The foregoing description of the Settlement Agreement is not complete and is qualified in its entirety by reference to its full text.  A copy of the Settlement Agreement is filed as an exhibit hereto and is incorporated herein by reference.

Item 6.
Contracts, Arrangements, Understandings or Relationships With Respect to Securities of the Issuer.

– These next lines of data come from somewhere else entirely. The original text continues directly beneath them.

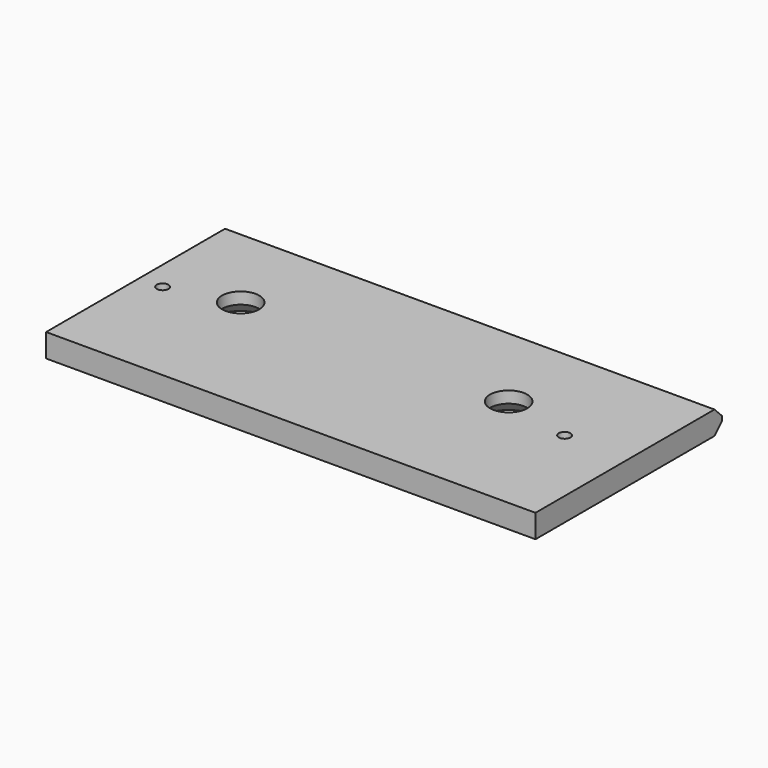
from build123d import *

# Parameters (mm, degrees)
F0_W           = 210
F0_H           = 100
F1_DEPTH       = 10
F2_D           = 5
F2_CSINK_D     = 10
F2_CSINK_ANGLE = 90
F3_D           = 16
F3_CSINK_D     = 26
F3_CSINK_ANGLE = 90
F4_SIZE        = 4


with BuildPart() as f1:
    # F0 (on Top) → F1 (new body)
    with BuildSketch(Plane.XY):
        with Locations((-47.4317967892, 44.5945628711)):
            Rectangle(F0_W, F0_H)
    extrude(amount=F1_DEPTH)

    # F2 (through all)
    with Locations(Plane(origin=(0, 0, 0), x_dir=(1, 0, 0), z_dir=(0, 0, -1))):
        with Locations((30.0682032108, -44.5945628711), (-142.4317967892, -44.5945628711)):
            CounterSinkHole(F2_D / 2, F2_CSINK_D / 2, counter_sink_angle=F2_CSINK_ANGLE)

    # F3 (through all)
    with Locations(Plane(origin=(0, 0, 0), x_dir=(1, 0, 0), z_dir=(0, 0, -1))):
        with Locations((-114.9317967892, -52.0945628711), (0.0682032108, -52.0945628711)):
            CounterSinkHole(F3_D / 2, F3_CSINK_D / 2, counter_sink_angle=F3_CSINK_ANGLE)

    # F4
    f4_edges = [f1.edges().sort_by_distance(p)[0] for p in [
        (-47.431797, 94.594563, 0),
        (-47.431797, 94.594563, 10),
    ]]
    chamfer(f4_edges, length=F4_SIZE)


solid = f1.part

Item 6 is hereby amended to add the following:

On May 23, 2008, the Reporting Persons entered into the Settlement Agreement as discussed in further detail in Item 4.

Item 7.
Material to be Filed as Exhibits.

 
Item 7 is hereby amended to add the following:

 
99.1
Settlement Agreement by and among VAALCO Energy, Inc., Nanes Delorme Partners I LP, Nanes Balkany Partners LLC, Nanes Balkany Management LLC, Julien Balkany and Daryl Nanes dated May 23, 2008.
 
 
10

CUSIP NO. 91851C201
 
SIGNATURES

After reasonable inquiry and to the best of his knowledge and belief, each of the undersigned certifies that the information set forth in this statement is true, complete and correct.

Dated:                      May 27, 2008
NANES DELORME PARTNERS I LP
   
 
By:
Nanes Balkany Partners LLC
General Partner
   
 
 
By:
/s/ Daryl Nanes
   
Name: Daryl Nanes
Title:   Managing Member


 
NANES BALKANY PARTNERS LLC
   
 
By:
/s/ Daryl Nanes
   
Name: Daryl Nanes
Title:   Managing Member


 
NANES BALKANY MANAGEMENT LLC
   
 
By:
/s/ Daryl Nanes
   
Name: Daryl Nanes
Title:   Managing Member


 
/s/ Julien Balkany
 
JULIEN BALKANY


 
/s/ Daryl Nanes
 
DARYL NANES


 
/s/ Daryl Nanes
 
DARYL NANES
as Attorney-In-Fact for Leonard Toboroff


 
/s/ Daryl Nanes
 
DARYL NANES
as Attorney-In-Fact for Clarence Cottman III
 

 
11

CUSIP NO. 91851C201

EXHIBIT LIST

Exhibit

99.1
Settlement Agreement by and among VAALCO Energy, Inc., Nanes Delorme Partners I LP, Nanes Balkany Partners LLC, Nanes Balkany Management LLC, Julien Balkany and Daryl Nanes dated May 23, 2008.